Privatise banks instead of wasting taxpayer money: RBI dy governor Acharya

State-owned banks need tough and prompt corrective action, including infusion of private capital, asset sales, mergers and divestments, to resolve the current stress in asset quality, RBI deputy governor Viral Acharya has said.

Viral AcharyaInstead of the government scurrying for funds to capitalise bad loan-saddled lenders, re-privatising nationalised banks would be a better option, Acharya said while addressing an FICCI women's wing event in Mumbai last evening.

"Perhaps re-privatising some of the nationalised banks is an idea whose time has come ... this would reduce the overall money government needs to inject as bank capital," Acharya said,

Such a move, he said, will also help preserve government's 'hard-earned fiscal discipline' that has made the country a 'darling' for foreign investors along with stable inflation outlook and the diverse nature of the growth engine.

Most of the state-run lenders were private entities before Prime Minister Indira Gandhi decided to nationalise these in 1969, Acharya pointed out, adding that there is nothing that prevents to divest stakes to get these banks in shape. It has done so with various other state-run undertakings, he added.

He said government control only restricted banks' reach, confounded governance issues and these combined with interference by governments resulted in PSBs ending up with disproportionate size of bad assets.

On prompt corrective action (PCA), Acharya said there is a case for showing "tough love" to undercapitalised banks and make them adhere to the revised PCA rules including restrictions on deposit taking and lending.

"This will ensure a gradual run-off of such banks, and encourage deposit migration away from the weakest public sector banks to healthier public sector banks and private sector banks," Acharya said.

Acharya said that healthier state-run banks missed an opportunity in 2013 when their asset quality was much better and could raise private capital by going for a deep discounted rights issue, but can do so again to reduce stress on the government.

''The healthier public sector banks could have raised private capital by issuing deep discount rights in 2013, and some can still do so now. They must be required to do this to share the government's burden of recapitalising banks. It might be a good way to restore some discipline and get the bank shareholders, boards and management to more seriously care about the quality of lending decisions.''

On asset quality, Acharya said, some banks will have assets or loan portfolios that are in good enough shape to be sold in the market. Modern banks no longer just make bank loans but also hold non-core assets such as insurance subsidiaries, market-making divisions, foreign branches etc.

Such non-core assets can be readily sold. Other assets could be collected across banks and organised into different risk profiles, so as to build transparency and trust with healthier banks and other intermediaries with an interest in purchasing them. Such asset sales can generate some of the needed recapitalisation.

On bank mergers to create stronger banks, Acharya said, it may be true that the country has too many public sector banks. The system will be better off if they are consolidated into fewer but healthier banks.

Some of the responsibilities can be delegated to cooperative banks and micro-finance institutions to provide community-level banking, he pointed out.

Such mergers and fresh capital injections, however, should be used as an opportunity to rejig management responsibility away from those who have under-performed or dragged their feet the most.
Besides, synergies in lending activity and branch locations could be identified to economise on intermediation costs, allowing sales of real estate where branches are redundant.

Voluntary retirement schemes (VRS) can be offered to manage headcount and usher in a younger, digitally-savvy talent pool into these banks.
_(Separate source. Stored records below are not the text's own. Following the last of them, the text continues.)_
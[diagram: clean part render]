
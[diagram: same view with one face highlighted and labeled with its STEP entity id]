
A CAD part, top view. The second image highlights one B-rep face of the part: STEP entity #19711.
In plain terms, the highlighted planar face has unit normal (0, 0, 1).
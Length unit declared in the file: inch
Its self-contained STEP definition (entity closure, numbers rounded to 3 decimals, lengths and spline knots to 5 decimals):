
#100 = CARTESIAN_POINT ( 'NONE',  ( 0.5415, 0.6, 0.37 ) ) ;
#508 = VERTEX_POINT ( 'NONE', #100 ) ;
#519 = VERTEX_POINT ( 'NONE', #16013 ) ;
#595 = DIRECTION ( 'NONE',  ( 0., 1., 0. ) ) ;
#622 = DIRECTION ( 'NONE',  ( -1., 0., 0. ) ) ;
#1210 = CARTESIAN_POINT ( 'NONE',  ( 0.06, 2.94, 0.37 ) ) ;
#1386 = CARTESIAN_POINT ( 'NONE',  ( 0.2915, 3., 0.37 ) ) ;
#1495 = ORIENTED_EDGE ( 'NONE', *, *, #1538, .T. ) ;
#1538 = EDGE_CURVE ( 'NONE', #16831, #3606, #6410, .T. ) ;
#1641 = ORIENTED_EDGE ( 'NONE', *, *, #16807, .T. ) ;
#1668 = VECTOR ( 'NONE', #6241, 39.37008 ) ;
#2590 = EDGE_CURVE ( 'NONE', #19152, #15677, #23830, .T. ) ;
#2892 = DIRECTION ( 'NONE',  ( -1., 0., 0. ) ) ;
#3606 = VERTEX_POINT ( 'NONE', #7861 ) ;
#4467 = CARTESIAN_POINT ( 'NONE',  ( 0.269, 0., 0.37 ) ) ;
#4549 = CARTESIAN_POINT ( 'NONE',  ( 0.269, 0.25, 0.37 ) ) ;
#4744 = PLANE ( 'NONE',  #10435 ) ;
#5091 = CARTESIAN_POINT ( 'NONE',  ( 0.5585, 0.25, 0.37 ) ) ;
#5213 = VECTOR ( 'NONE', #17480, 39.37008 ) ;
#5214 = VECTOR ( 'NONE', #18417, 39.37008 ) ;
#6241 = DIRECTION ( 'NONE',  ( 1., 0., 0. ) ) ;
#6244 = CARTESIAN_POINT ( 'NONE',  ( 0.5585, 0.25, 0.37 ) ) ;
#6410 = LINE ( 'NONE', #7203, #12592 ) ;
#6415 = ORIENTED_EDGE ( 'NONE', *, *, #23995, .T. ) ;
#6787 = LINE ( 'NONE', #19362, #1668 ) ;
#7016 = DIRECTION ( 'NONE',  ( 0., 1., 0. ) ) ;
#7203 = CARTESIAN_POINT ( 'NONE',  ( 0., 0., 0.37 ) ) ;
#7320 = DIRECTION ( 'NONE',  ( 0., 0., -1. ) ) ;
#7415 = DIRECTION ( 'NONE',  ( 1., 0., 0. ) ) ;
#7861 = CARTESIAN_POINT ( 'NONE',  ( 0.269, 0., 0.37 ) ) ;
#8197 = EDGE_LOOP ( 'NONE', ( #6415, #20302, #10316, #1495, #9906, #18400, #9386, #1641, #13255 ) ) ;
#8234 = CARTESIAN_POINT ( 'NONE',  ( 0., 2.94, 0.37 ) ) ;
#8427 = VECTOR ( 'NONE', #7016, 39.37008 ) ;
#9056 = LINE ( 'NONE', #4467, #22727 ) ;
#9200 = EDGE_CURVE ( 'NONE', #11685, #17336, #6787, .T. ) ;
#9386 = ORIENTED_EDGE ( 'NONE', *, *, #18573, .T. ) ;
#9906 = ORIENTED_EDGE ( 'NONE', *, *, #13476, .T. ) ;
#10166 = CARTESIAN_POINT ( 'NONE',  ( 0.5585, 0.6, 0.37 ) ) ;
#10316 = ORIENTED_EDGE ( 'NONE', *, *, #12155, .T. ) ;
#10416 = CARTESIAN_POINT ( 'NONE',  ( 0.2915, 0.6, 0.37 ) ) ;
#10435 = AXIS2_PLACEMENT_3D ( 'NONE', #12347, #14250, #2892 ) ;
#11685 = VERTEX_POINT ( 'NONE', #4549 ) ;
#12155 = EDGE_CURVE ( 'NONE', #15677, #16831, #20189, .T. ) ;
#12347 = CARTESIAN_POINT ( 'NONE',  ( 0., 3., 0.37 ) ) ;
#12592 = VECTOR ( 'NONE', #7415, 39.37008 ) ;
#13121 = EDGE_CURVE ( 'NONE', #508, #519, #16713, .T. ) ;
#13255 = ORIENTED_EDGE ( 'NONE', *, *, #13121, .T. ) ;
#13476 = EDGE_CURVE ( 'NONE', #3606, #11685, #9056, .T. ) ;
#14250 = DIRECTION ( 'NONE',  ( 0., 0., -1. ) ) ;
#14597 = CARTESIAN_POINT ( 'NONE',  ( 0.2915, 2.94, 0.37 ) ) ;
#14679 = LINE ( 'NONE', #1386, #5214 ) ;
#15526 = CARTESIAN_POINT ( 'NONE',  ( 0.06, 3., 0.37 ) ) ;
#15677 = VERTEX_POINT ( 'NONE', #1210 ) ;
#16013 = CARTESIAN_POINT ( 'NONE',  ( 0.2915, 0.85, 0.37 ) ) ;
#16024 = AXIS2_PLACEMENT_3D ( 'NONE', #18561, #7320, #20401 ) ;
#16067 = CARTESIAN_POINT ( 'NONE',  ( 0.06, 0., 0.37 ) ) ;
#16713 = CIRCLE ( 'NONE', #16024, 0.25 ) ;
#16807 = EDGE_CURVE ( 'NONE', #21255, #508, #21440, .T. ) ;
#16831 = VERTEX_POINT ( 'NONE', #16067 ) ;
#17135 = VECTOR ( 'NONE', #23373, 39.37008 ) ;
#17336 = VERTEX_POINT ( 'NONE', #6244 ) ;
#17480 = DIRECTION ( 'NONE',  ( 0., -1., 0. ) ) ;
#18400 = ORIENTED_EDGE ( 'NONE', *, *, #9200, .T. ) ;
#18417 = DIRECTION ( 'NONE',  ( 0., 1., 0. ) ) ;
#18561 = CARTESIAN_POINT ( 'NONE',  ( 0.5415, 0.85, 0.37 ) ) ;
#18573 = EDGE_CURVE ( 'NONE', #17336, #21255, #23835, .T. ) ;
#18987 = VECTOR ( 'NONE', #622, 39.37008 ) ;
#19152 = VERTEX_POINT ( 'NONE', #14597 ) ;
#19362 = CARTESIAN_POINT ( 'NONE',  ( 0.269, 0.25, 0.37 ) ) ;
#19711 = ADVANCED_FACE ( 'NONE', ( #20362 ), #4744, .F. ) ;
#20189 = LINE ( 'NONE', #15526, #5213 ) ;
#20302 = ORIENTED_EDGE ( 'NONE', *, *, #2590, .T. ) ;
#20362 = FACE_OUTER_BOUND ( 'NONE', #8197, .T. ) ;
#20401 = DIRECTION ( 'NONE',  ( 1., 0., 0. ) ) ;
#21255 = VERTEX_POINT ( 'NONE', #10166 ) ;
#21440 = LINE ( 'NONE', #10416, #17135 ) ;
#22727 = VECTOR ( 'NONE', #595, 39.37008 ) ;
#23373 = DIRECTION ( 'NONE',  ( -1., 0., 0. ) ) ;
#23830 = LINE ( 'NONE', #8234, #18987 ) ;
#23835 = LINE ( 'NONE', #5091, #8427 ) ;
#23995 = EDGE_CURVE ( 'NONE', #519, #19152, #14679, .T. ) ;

Historically, bank stress of the order we face has almost always involved significant bank restructuring.

He said that the IMF's recent report on global financial stability also highlighted the problem by flagging industrial sector as one of the most heavily indebted in the world.

In the report, IMF lists domestic banks as "worse- off" compared to other emerging economy peers because of the "little bank capital" set aside to provide for losses on its NPAs, Acharya said.

"A bank not keeping adequate capital buffer to absorb losses on its loans that are more or less known to be arriving soon is akin to not preparing to rescue with emergency a person who has slipped off the terrace of a skyscraper, and instead in the midst of his almost surely fatal descent, hoping that the laws of gravity would somehow freeze and work differently this time," Acharya warned.